健康帝国日本

http://b.hatena.ne.jp/entry/http://www.47news.jp/CN/200811/CN2008112601000936.html
内容もブコメも酷いですね。
そもそも「努力して健康を保った人にはインセンティブを」自体が健康保険の理念を崩しかねないものであることを理解しましょう。
当然、努力しているかどうかで病気になるかならないかは決まりません。いや、少しは関係あるじゃないかと言う人もいるかもしれません。でも、「少し」とはどのくらいでしょう?なにせ、男に逃げられるのまで女の自己責任という意見が出てくる世の中です。病人にちょっとでも不摂生があれば、それは「努力不足」とされかねない。では、遺伝病など生まれつき抱えている病気の場合は?なるほどそれは当人に責を求めることはできない。ではどこに行くか。もちろん親にです。出生前診断が「可能」である今、病気がある「障害」があることが分かっていてなぜ産んだ、という話になるのではないでしょうか。
人の生死が社会的コストとして認識され始めると、まさにこうした議論がまかり通ります。
社会福祉とは簡単に言えば、「ある人が病気になった場合それはその人の不幸であり、したがって社会はその不幸をなるべく軽減しなければならない」であるべきですが、麻生某やその追随者たちはこれを反転させています。すなわち「ある人が病気になった場合それは(その人にコストをかけなければいけない)社会の不幸であり、したがって個人は社会の不幸をなるべく軽減しなければならない(健康に生きる義務!)」。
もちろん、彼らは病人を見捨てるべきと言いません。しかし、一方で彼らは病人にたいして社会的な支援を受けることにたいするある種の「謙虚さ」を求めています。麻生某は給付金問題にたいして「プライドが高い人は受け取らない」とほざいたそうですが、彼の社会政策に対する認識とはまさにこのようなものなのでしょう。つまり、なんらかの支援を国家・社会から受けることは恥ずべきことであるのです。
でも、ぼくに言わせればこんな認識を持ってることのほうが恥ずかしいし、こんな人間が自分の国の首相をやってることはもっと恥ずかしいです。

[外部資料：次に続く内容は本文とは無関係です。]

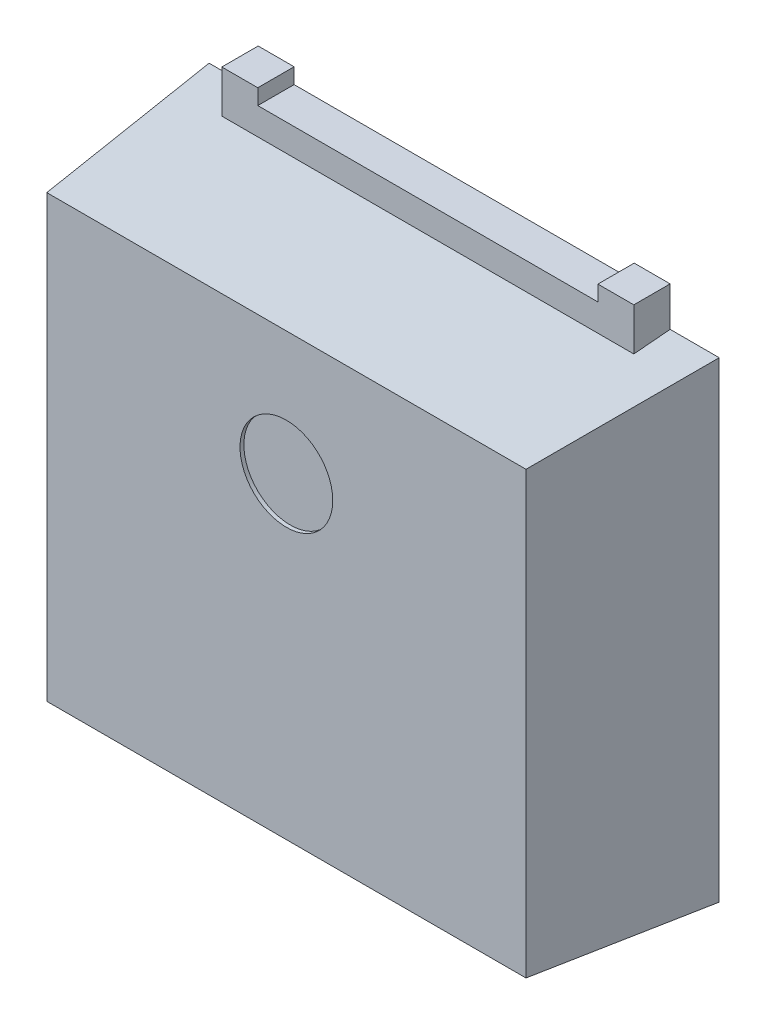
ISO-10303-21;
HEADER;
FILE_DESCRIPTION(('STEP AP214'),'2;1');
FILE_NAME('part.step','',(''),(''),'','','');
FILE_SCHEMA(('AUTOMOTIVE_DESIGN { 1 0 10303 214 1 1 1 1 }'));
ENDSEC;
DATA;
#1=APPLICATION_CONTEXT('core data for automotive mechanical design processes');
#2=APPLICATION_PROTOCOL_DEFINITION('international standard','automotive_design',2000,#1);
#3=PRODUCT_CONTEXT('',#1,'mechanical');
#4=PRODUCT('Part','Part','',(#3));
#5=PRODUCT_RELATED_PRODUCT_CATEGORY('part','',(#4));
#6=PRODUCT_DEFINITION_FORMATION('','',#4);
#7=PRODUCT_DEFINITION_CONTEXT('part definition',#1,'design');
#8=PRODUCT_DEFINITION('design','',#6,#7);
#9=PRODUCT_DEFINITION_SHAPE('','',#8);
#10=(LENGTH_UNIT() NAMED_UNIT(*) SI_UNIT(.MILLI.,.METRE.));
#11=(NAMED_UNIT(*) PLANE_ANGLE_UNIT() SI_UNIT($,.RADIAN.));
#12=(NAMED_UNIT(*) SI_UNIT($,.STERADIAN.) SOLID_ANGLE_UNIT());
#13=UNCERTAINTY_MEASURE_WITH_UNIT(LENGTH_MEASURE(1.E-05),#10,'distance_accuracy_value','');
#14=(GEOMETRIC_REPRESENTATION_CONTEXT(3) GLOBAL_UNCERTAINTY_ASSIGNED_CONTEXT((#13)) GLOBAL_UNIT_ASSIGNED_CONTEXT((#10,
#11,#12)) REPRESENTATION_CONTEXT('',''));
#15=CARTESIAN_POINT('',(0.,0.,0.));
#16=DIRECTION('',(0.,0.,1.));
#17=DIRECTION('',(1.,0.,0.));
#18=AXIS2_PLACEMENT_3D('',#15,#16,#17);
#19=CARTESIAN_POINT('',(0.,0.,0.));
#20=DIRECTION('',(0.,0.,1.));
#21=DIRECTION('',(1.,0.,0.));
#22=AXIS2_PLACEMENT_3D('',#19,#20,#21);
#23=PLANE('',#22);
#24=DIRECTION('',(-1.,0.,0.));
#25=VECTOR('',#24,1.);
#26=CARTESIAN_POINT('',(2.2,3.36,0.));
#27=LINE('',#26,#25);
#28=CARTESIAN_POINT('',(2.2,3.36,0.));
#29=VERTEX_POINT('',#28);
#30=CARTESIAN_POINT('',(-2.2,3.36,0.));
#31=VERTEX_POINT('',#30);
#32=EDGE_CURVE('P0_E153',#29,#31,#27,.T.);
#33=ORIENTED_EDGE('',*,*,#32,.F.);
#34=DIRECTION('',(0.,-1.,0.));
#35=VECTOR('',#34,1.);
#36=CARTESIAN_POINT('',(2.2,3.56,0.));
#37=LINE('',#36,#35);
#38=CARTESIAN_POINT('',(2.2,3.56,0.));
#39=VERTEX_POINT('',#38);
#40=EDGE_CURVE('P0_E26',#39,#29,#37,.T.);
#41=ORIENTED_EDGE('',*,*,#40,.F.);
#42=DIRECTION('',(1.,0.,0.));
#43=VECTOR('',#42,1.);
#44=CARTESIAN_POINT('',(2.2,3.56,0.));
#45=LINE('',#44,#43);
#46=CARTESIAN_POINT('',(2.665,3.56,0.));
#47=VERTEX_POINT('',#46);
#48=EDGE_CURVE('P0_E118',#39,#47,#45,.T.);
#49=ORIENTED_EDGE('',*,*,#48,.T.);
#50=DIRECTION('',(0.,-1.,0.));
#51=VECTOR('',#50,1.);
#52=CARTESIAN_POINT('',(2.665,3.56,0.));
#53=LINE('',#52,#51);
#54=CARTESIAN_POINT('',(2.665,2.698367694,0.));
#55=VERTEX_POINT('',#54);
#56=EDGE_CURVE('P0_E121',#47,#55,#53,.T.);
#57=ORIENTED_EDGE('',*,*,#56,.T.);
#58=DIRECTION('',(-1.,0.,0.));
#59=VECTOR('',#58,1.);
#60=CARTESIAN_POINT('',(2.665,2.698367694,0.));
#61=LINE('',#60,#59);
#62=CARTESIAN_POINT('',(2.177438699,2.698367694,0.));
#63=VERTEX_POINT('',#62);
#64=EDGE_CURVE('P0_E206',#55,#63,#61,.T.);
#65=ORIENTED_EDGE('',*,*,#64,.T.);
#66=DIRECTION('',(0.,-1.,0.));
#67=VECTOR('',#66,1.);
#68=CARTESIAN_POINT('',(2.177438699,2.698367694,0.));
#69=LINE('',#68,#67);
#70=CARTESIAN_POINT('',(2.177438699,2.012696816,0.));
#71=VERTEX_POINT('',#70);
#72=EDGE_CURVE('P0_E258',#63,#71,#69,.T.);
#73=ORIENTED_EDGE('',*,*,#72,.T.);
#74=DIRECTION('',(1.,0.,0.));
#75=VECTOR('',#74,1.);
#76=CARTESIAN_POINT('',(2.177438699,2.012696816,0.));
#77=LINE('',#76,#75);
#78=CARTESIAN_POINT('',(2.665,2.012696816,0.));
#79=VERTEX_POINT('',#78);
#80=EDGE_CURVE('P0_E268',#71,#79,#77,.T.);
#81=ORIENTED_EDGE('',*,*,#80,.T.);
#82=DIRECTION('',(0.,-1.,0.));
#83=VECTOR('',#82,1.);
#84=CARTESIAN_POINT('',(2.665,2.012696816,0.));
#85=LINE('',#84,#83);
#86=CARTESIAN_POINT('',(2.665,-1.84,0.));
#87=VERTEX_POINT('',#86);
#88=EDGE_CURVE('P0_E280',#79,#87,#85,.T.);
#89=ORIENTED_EDGE('',*,*,#88,.T.);
#90=DIRECTION('',(1.,0.,0.));
#91=VECTOR('',#90,1.);
#92=CARTESIAN_POINT('',(-2.665,-1.84,0.));
#93=LINE('',#92,#91);
#94=CARTESIAN_POINT('',(-2.665,-1.84,0.));
#95=VERTEX_POINT('',#94);
#96=EDGE_CURVE('P0_E262',#95,#87,#93,.T.);
#97=ORIENTED_EDGE('',*,*,#96,.F.);
#98=DIRECTION('',(0.,-1.,0.));
#99=VECTOR('',#98,1.);
#100=CARTESIAN_POINT('',(-2.665,2.012696816,0.));
#101=LINE('',#100,#99);
#102=CARTESIAN_POINT('',(-2.665,2.012696816,0.));
#103=VERTEX_POINT('',#102);
#104=EDGE_CURVE('P0_E246',#103,#95,#101,.T.);
#105=ORIENTED_EDGE('',*,*,#104,.F.);
#106=DIRECTION('',(-1.,0.,0.));
#107=VECTOR('',#106,1.);
#108=CARTESIAN_POINT('',(-2.177438699,2.012696816,0.));
#109=LINE('',#108,#107);
#110=CARTESIAN_POINT('',(-2.177438699,2.012696816,0.));
#111=VERTEX_POINT('',#110);
#112=EDGE_CURVE('P0_E234',#111,#103,#109,.T.);
#113=ORIENTED_EDGE('',*,*,#112,.F.);
#114=DIRECTION('',(0.,-1.,0.));
#115=VECTOR('',#114,1.);
#116=CARTESIAN_POINT('',(-2.177438699,2.698367694,0.));
#117=LINE('',#116,#115);
#118=CARTESIAN_POINT('',(-2.177438699,2.698367694,0.));
#119=VERTEX_POINT('',#118);
#120=EDGE_CURVE('P0_E181',#119,#111,#117,.T.);
#121=ORIENTED_EDGE('',*,*,#120,.F.);
#122=DIRECTION('',(1.,0.,0.));
#123=VECTOR('',#122,1.);
#124=CARTESIAN_POINT('',(-2.665,2.698367694,0.));
#125=LINE('',#124,#123);
#126=CARTESIAN_POINT('',(-2.665,2.698367694,0.));
#127=VERTEX_POINT('',#126);
#128=EDGE_CURVE('P0_E173',#127,#119,#125,.T.);
#129=ORIENTED_EDGE('',*,*,#128,.F.);
#130=DIRECTION('',(0.,-1.,0.));
#131=VECTOR('',#130,1.);
#132=CARTESIAN_POINT('',(-2.665,3.56,0.));
#133=LINE('',#132,#131);
#134=CARTESIAN_POINT('',(-2.665,3.56,0.));
#135=VERTEX_POINT('',#134);
#136=EDGE_CURVE('P0_E213',#135,#127,#133,.T.);
#137=ORIENTED_EDGE('',*,*,#136,.F.);
#138=DIRECTION('',(1.,0.,0.));
#139=VECTOR('',#138,1.);
#140=CARTESIAN_POINT('',(-2.665,3.56,0.));
#141=LINE('',#140,#139);
#142=CARTESIAN_POINT('',(-2.2,3.56,0.));
#143=VERTEX_POINT('',#142);
#144=EDGE_CURVE('P0_E199',#135,#143,#141,.T.);
#145=ORIENTED_EDGE('',*,*,#144,.T.);
#146=DIRECTION('',(0.,1.,0.));
#147=VECTOR('',#146,1.);
#148=CARTESIAN_POINT('',(-2.2,3.36,0.));
#149=LINE('',#148,#147);
#150=EDGE_CURVE('P0_E156',#31,#143,#149,.T.);
#151=ORIENTED_EDGE('',*,*,#150,.F.);
#152=EDGE_LOOP('',(#33,#41,#49,#57,#65,#73,#81,#89,#97,#105,#113,#121,#129,#137,#145,#151));
#153=FACE_BOUND('',#152,.T.);
#154=ADVANCED_FACE('P0_F17',(#153),#23,.F.);
#155=CARTESIAN_POINT('',(0.,0.,0.47));
#156=DIRECTION('',(0.,0.,1.));
#157=DIRECTION('',(1.,0.,0.));
#158=AXIS2_PLACEMENT_3D('',#155,#156,#157);
#159=PLANE('',#158);
#160=DIRECTION('',(-1.,0.,0.));
#161=VECTOR('',#160,1.);
#162=CARTESIAN_POINT('',(2.2,3.36,0.47));
#163=LINE('',#162,#161);
#164=CARTESIAN_POINT('',(2.2,3.36,0.47));
#165=VERTEX_POINT('',#164);
#166=CARTESIAN_POINT('',(-2.2,3.36,0.47));
#167=VERTEX_POINT('',#166);
#168=EDGE_CURVE('P0_E154',#165,#167,#163,.T.);
#169=ORIENTED_EDGE('',*,*,#168,.T.);
#170=DIRECTION('',(0.,1.,0.));
#171=VECTOR('',#170,1.);
#172=CARTESIAN_POINT('',(-2.2,3.36,0.47));
#173=LINE('',#172,#171);
#174=CARTESIAN_POINT('',(-2.2,3.56,0.47));
#175=VERTEX_POINT('',#174);
#176=EDGE_CURVE('P0_E188',#167,#175,#173,.T.);
#177=ORIENTED_EDGE('',*,*,#176,.T.);
#178=DIRECTION('',(1.,0.,0.));
#179=VECTOR('',#178,1.);
#180=CARTESIAN_POINT('',(-2.665,3.56,0.47));
#181=LINE('',#180,#179);
#182=CARTESIAN_POINT('',(-2.665,3.56,0.47));
#183=VERTEX_POINT('',#182);
#184=EDGE_CURVE('P0_E198',#183,#175,#181,.T.);
#185=ORIENTED_EDGE('',*,*,#184,.F.);
#186=DIRECTION('',(0.,-1.,0.));
#187=VECTOR('',#186,1.);
#188=CARTESIAN_POINT('',(-2.665,3.56,0.47));
#189=LINE('',#188,#187);
#190=CARTESIAN_POINT('',(-2.665,2.698367694,0.47));
#191=VERTEX_POINT('',#190);
#192=EDGE_CURVE('P0_E170',#183,#191,#189,.T.);
#193=ORIENTED_EDGE('',*,*,#192,.T.);
#194=DIRECTION('',(1.,0.,0.));
#195=VECTOR('',#194,1.);
#196=CARTESIAN_POINT('',(-2.665,2.698367694,0.47));
#197=LINE('',#196,#195);
#198=CARTESIAN_POINT('',(-2.177438699,2.698367694,0.47));
#199=VERTEX_POINT('',#198);
#200=EDGE_CURVE('P0_E178',#191,#199,#197,.T.);
#201=ORIENTED_EDGE('',*,*,#200,.T.);
#202=DIRECTION('',(0.,-1.,0.));
#203=VECTOR('',#202,1.);
#204=CARTESIAN_POINT('',(-2.177438699,2.698367694,0.47));
#205=LINE('',#204,#203);
#206=CARTESIAN_POINT('',(-2.177438699,2.012696816,0.47));
#207=VERTEX_POINT('',#206);
#208=EDGE_CURVE('P0_E230',#199,#207,#205,.T.);
#209=ORIENTED_EDGE('',*,*,#208,.T.);
#210=DIRECTION('',(-1.,0.,0.));
#211=VECTOR('',#210,1.);
#212=CARTESIAN_POINT('',(-2.177438699,2.012696816,0.47));
#213=LINE('',#212,#211);
#214=CARTESIAN_POINT('',(-2.665,2.012696816,0.47));
#215=VERTEX_POINT('',#214);
#216=EDGE_CURVE('P0_E242',#207,#215,#213,.T.);
#217=ORIENTED_EDGE('',*,*,#216,.T.);
#218=DIRECTION('',(0.,-1.,0.));
#219=VECTOR('',#218,1.);
#220=CARTESIAN_POINT('',(-2.665,2.012696816,0.47));
#221=LINE('',#220,#219);
#222=CARTESIAN_POINT('',(-2.665,-1.84,0.47));
#223=VERTEX_POINT('',#222);
#224=EDGE_CURVE('P0_E254',#215,#223,#221,.T.);
#225=ORIENTED_EDGE('',*,*,#224,.T.);
#226=DIRECTION('',(1.,0.,0.));
#227=VECTOR('',#226,1.);
#228=CARTESIAN_POINT('',(-2.665,-1.84,0.47));
#229=LINE('',#228,#227);
#230=CARTESIAN_POINT('',(2.665,-1.84,0.47));
#231=VERTEX_POINT('',#230);
#232=EDGE_CURVE('P0_E276',#223,#231,#229,.T.);
#233=ORIENTED_EDGE('',*,*,#232,.T.);
#234=DIRECTION('',(0.,-1.,0.));
#235=VECTOR('',#234,1.);
#236=CARTESIAN_POINT('',(2.665,2.012696816,0.47));
#237=LINE('',#236,#235);
#238=CARTESIAN_POINT('',(2.665,2.012696816,0.47));
#239=VERTEX_POINT('',#238);
#240=EDGE_CURVE('P0_E287',#239,#231,#237,.T.);
#241=ORIENTED_EDGE('',*,*,#240,.F.);
#242=DIRECTION('',(1.,0.,0.));
#243=VECTOR('',#242,1.);
#244=CARTESIAN_POINT('',(2.177438699,2.012696816,0.47));
#245=LINE('',#244,#243);
#246=CARTESIAN_POINT('',(2.177438699,2.012696816,0.47));
#247=VERTEX_POINT('',#246);
#248=EDGE_CURVE('P0_E267',#247,#239,#245,.T.);
#249=ORIENTED_EDGE('',*,*,#248,.F.);
#250=DIRECTION('',(0.,-1.,0.));
#251=VECTOR('',#250,1.);
#252=CARTESIAN_POINT('',(2.177438699,2.698367694,0.47));
#253=LINE('',#252,#251);
#254=CARTESIAN_POINT('',(2.177438699,2.698367694,0.47));
#255=VERTEX_POINT('',#254);
#256=EDGE_CURVE('P0_E203',#255,#247,#253,.T.);
#257=ORIENTED_EDGE('',*,*,#256,.F.);
#258=DIRECTION('',(-1.,0.,0.));
#259=VECTOR('',#258,1.);
#260=CARTESIAN_POINT('',(2.665,2.698367694,0.47));
#261=LINE('',#260,#259);
#262=CARTESIAN_POINT('',(2.665,2.698367694,0.47));
#263=VERTEX_POINT('',#262);
#264=EDGE_CURVE('P0_E113',#263,#255,#261,.T.);
#265=ORIENTED_EDGE('',*,*,#264,.F.);
#266=DIRECTION('',(0.,-1.,0.));
#267=VECTOR('',#266,1.);
#268=CARTESIAN_POINT('',(2.665,3.56,0.47));
#269=LINE('',#268,#267);
#270=CARTESIAN_POINT('',(2.665,3.56,0.47));
#271=VERTEX_POINT('',#270);
#272=EDGE_CURVE('P0_E109',#271,#263,#269,.T.);
#273=ORIENTED_EDGE('',*,*,#272,.F.);
#274=DIRECTION('',(1.,0.,0.));
#275=VECTOR('',#274,1.);
#276=CARTESIAN_POINT('',(2.2,3.56,0.47));
#277=LINE('',#276,#275);
#278=CARTESIAN_POINT('',(2.2,3.56,0.47));
#279=VERTEX_POINT('',#278);
#280=EDGE_CURVE('P0_E97',#279,#271,#277,.T.);
#281=ORIENTED_EDGE('',*,*,#280,.F.);
#282=DIRECTION('',(0.,-1.,0.));
#283=VECTOR('',#282,1.);
#284=CARTESIAN_POINT('',(2.2,3.56,0.47));
#285=LINE('',#284,#283);
#286=EDGE_CURVE('P0_E11',#279,#165,#285,.T.);
#287=ORIENTED_EDGE('',*,*,#286,.T.);
#288=EDGE_LOOP('',(#169,#177,#185,#193,#201,#209,#217,#225,#233,#241,#249,#257,#265,#273,#281,#287));
#289=FACE_BOUND('',#288,.T.);
#290=ADVANCED_FACE('P0_F111',(#289),#159,.T.);
#291=CARTESIAN_POINT('',(2.2,3.56,0.47));
#292=DIRECTION('',(1.,0.,0.));
#293=DIRECTION('',(0.,1.,0.));
#294=AXIS2_PLACEMENT_3D('',#291,#292,#293);
#295=PLANE('',#294);
#296=ORIENTED_EDGE('',*,*,#40,.T.);
#297=DIRECTION('',(0.,0.,-1.));
#298=VECTOR('',#297,1.);
#299=CARTESIAN_POINT('',(2.2,3.36,0.47));
#300=LINE('',#299,#298);
#301=EDGE_CURVE('P0_E142',#165,#29,#300,.T.);
#302=ORIENTED_EDGE('',*,*,#301,.F.);
#303=ORIENTED_EDGE('',*,*,#286,.F.);
#304=DIRECTION('',(0.,0.,-1.));
#305=VECTOR('',#304,1.);
#306=CARTESIAN_POINT('',(2.2,3.56,0.47));
#307=LINE('',#306,#305);
#308=EDGE_CURVE('P0_E104',#279,#39,#307,.T.);
#309=ORIENTED_EDGE('',*,*,#308,.T.);
#310=EDGE_LOOP('',(#296,#302,#303,#309));
#311=FACE_BOUND('',#310,.T.);
#312=ADVANCED_FACE('P0_F140',(#311),#295,.F.);
#313=CARTESIAN_POINT('',(2.4325,3.56,0.47));
#314=DIRECTION('',(0.,1.,0.));
#315=DIRECTION('',(1.,0.,0.));
#316=AXIS2_PLACEMENT_3D('',#313,#314,#315);
#317=PLANE('',#316);
#318=ORIENTED_EDGE('',*,*,#48,.F.);
#319=ORIENTED_EDGE('',*,*,#308,.F.);
#320=ORIENTED_EDGE('',*,*,#280,.T.);
#321=DIRECTION('',(0.,0.,-1.));
#322=VECTOR('',#321,1.);
#323=CARTESIAN_POINT('',(2.665,3.56,0.47));
#324=LINE('',#323,#322);
#325=EDGE_CURVE('P0_E102',#271,#47,#324,.T.);
#326=ORIENTED_EDGE('',*,*,#325,.T.);
#327=EDGE_LOOP('',(#318,#319,#320,#326));
#328=FACE_BOUND('',#327,.T.);
#329=ADVANCED_FACE('P0_F100',(#328),#317,.T.);
#330=CARTESIAN_POINT('',(2.665,3.05,0.47));
#331=DIRECTION('',(1.,0.,0.));
#332=DIRECTION('',(0.,1.,0.));
#333=AXIS2_PLACEMENT_3D('',#330,#331,#332);
#334=PLANE('',#333);
#335=ORIENTED_EDGE('',*,*,#56,.F.);
#336=ORIENTED_EDGE('',*,*,#325,.F.);
#337=ORIENTED_EDGE('',*,*,#272,.T.);
#338=DIRECTION('',(0.,0.,-1.));
#339=VECTOR('',#338,1.);
#340=CARTESIAN_POINT('',(2.665,2.698367694,0.47));
#341=LINE('',#340,#339);
#342=EDGE_CURVE('P0_E288',#263,#55,#341,.T.);
#343=ORIENTED_EDGE('',*,*,#342,.T.);
#344=EDGE_LOOP('',(#335,#336,#337,#343));
#345=FACE_BOUND('',#344,.T.);
#346=ADVANCED_FACE('P0_F120',(#345),#334,.T.);
#347=CARTESIAN_POINT('',(2.421219349,2.698367694,0.47));
#348=DIRECTION('',(0.,-1.,0.));
#349=DIRECTION('',(0.,0.,-1.));
#350=AXIS2_PLACEMENT_3D('',#347,#348,#349);
#351=PLANE('',#350);
#352=ORIENTED_EDGE('',*,*,#64,.F.);
#353=ORIENTED_EDGE('',*,*,#342,.F.);
#354=ORIENTED_EDGE('',*,*,#264,.T.);
#355=DIRECTION('',(0.,0.,-1.));
#356=VECTOR('',#355,1.);
#357=CARTESIAN_POINT('',(2.177438699,2.698367694,0.47));
#358=LINE('',#357,#356);
#359=EDGE_CURVE('P0_E207',#255,#63,#358,.T.);
#360=ORIENTED_EDGE('',*,*,#359,.T.);
#361=EDGE_LOOP('',(#352,#353,#354,#360));
#362=FACE_BOUND('',#361,.T.);
#363=ADVANCED_FACE('P0_F305',(#362),#351,.T.);
#364=CARTESIAN_POINT('',(2.177438699,2.355532255,0.47));
#365=DIRECTION('',(1.,0.,0.));
#366=DIRECTION('',(0.,1.,0.));
#367=AXIS2_PLACEMENT_3D('',#364,#365,#366);
#368=PLANE('',#367);
#369=ORIENTED_EDGE('',*,*,#72,.F.);
#370=ORIENTED_EDGE('',*,*,#359,.F.);
#371=ORIENTED_EDGE('',*,*,#256,.T.);
#372=DIRECTION('',(0.,0.,-1.));
#373=VECTOR('',#372,1.);
#374=CARTESIAN_POINT('',(2.177438699,2.012696816,0.47));
#375=LINE('',#374,#373);
#376=EDGE_CURVE('P0_E263',#247,#71,#375,.T.);
#377=ORIENTED_EDGE('',*,*,#376,.T.);
#378=EDGE_LOOP('',(#369,#370,#371,#377));
#379=FACE_BOUND('',#378,.T.);
#380=ADVANCED_FACE('P0_F312',(#379),#368,.T.);
#381=CARTESIAN_POINT('',(2.421219349,2.012696816,0.47));
#382=DIRECTION('',(0.,1.,0.));
#383=DIRECTION('',(1.,0.,0.));
#384=AXIS2_PLACEMENT_3D('',#381,#382,#383);
#385=PLANE('',#384);
#386=ORIENTED_EDGE('',*,*,#80,.F.);
#387=ORIENTED_EDGE('',*,*,#376,.F.);
#388=ORIENTED_EDGE('',*,*,#248,.T.);
#389=DIRECTION('',(0.,0.,-1.));
#390=VECTOR('',#389,1.);
#391=CARTESIAN_POINT('',(2.665,2.012696816,0.47));
#392=LINE('',#391,#390);
#393=EDGE_CURVE('P0_E283',#239,#79,#392,.T.);
#394=ORIENTED_EDGE('',*,*,#393,.T.);
#395=EDGE_LOOP('',(#386,#387,#388,#394));
#396=FACE_BOUND('',#395,.T.);
#397=ADVANCED_FACE('P0_F318',(#396),#385,.T.);
#398=CARTESIAN_POINT('',(2.665,0.86,0.47));
#399=DIRECTION('',(1.,0.,0.));
#400=DIRECTION('',(0.,1.,0.));
#401=AXIS2_PLACEMENT_3D('',#398,#399,#400);
#402=PLANE('',#401);
#403=ORIENTED_EDGE('',*,*,#88,.F.);
#404=ORIENTED_EDGE('',*,*,#393,.F.);
#405=ORIENTED_EDGE('',*,*,#240,.T.);
#406=DIRECTION('',(0.,0.,-1.));
#407=VECTOR('',#406,1.);
#408=CARTESIAN_POINT('',(2.665,-1.84,0.47));
#409=LINE('',#408,#407);
#410=EDGE_CURVE('P0_E272',#231,#87,#409,.T.);
#411=ORIENTED_EDGE('',*,*,#410,.T.);
#412=EDGE_LOOP('',(#403,#404,#405,#411));
#413=FACE_BOUND('',#412,.T.);
#414=ADVANCED_FACE('P0_F320',(#413),#402,.T.);
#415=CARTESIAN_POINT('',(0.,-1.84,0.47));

たとえば次のような文章のような視点が、まったくこの男には欠けているといわざるをえません。
■「配慮の平等」という視点
http://d.hatena.ne.jp/hituzinosanpo/20080719/1216400819
ところで麻生某はキリスト教徒らしいのですが、彼のキリスト教的倫理はどうなっているんでしょう。たとえば聖書は全部読んでると思うのですが、「放蕩息子の話」とかは彼の中でどう解釈されているのか。
http://www.orthodox-jp.com/kushiro/son.htm
「おれは健康をがんばったのに、なんで不摂生な病人を養わなければいけないのか」というのは、「わたしは何年も、お父さんに仕えてきました。言いつけに背いたことは一度もありません」と弟をねたむ兄とそっくり重なっていると思うのですが、誰も説教してくれなかったのかな。
健康はその人自身のためのものなのに、「社会に負担をかけないため」という目的にすりかえられてしまうこと、病気はその人自身がいちばん苦しいのに、「社会の負担」の苦しさをも内面化させられてしまうこと、そのようなコントロールによって社会が人を生かしていくこと、これはまさに「生-権力」としか言いようが無い。「社会のために」「個人の健康を」「社会がコントロール(健康であることにインセンティブを与えるなど)」する。国籍法の問題で日本人全員のDNA検査をなどと軽々しく言う人も多くて、まあファシズム社会はすぐそこまで近づいているということなのかもしれません。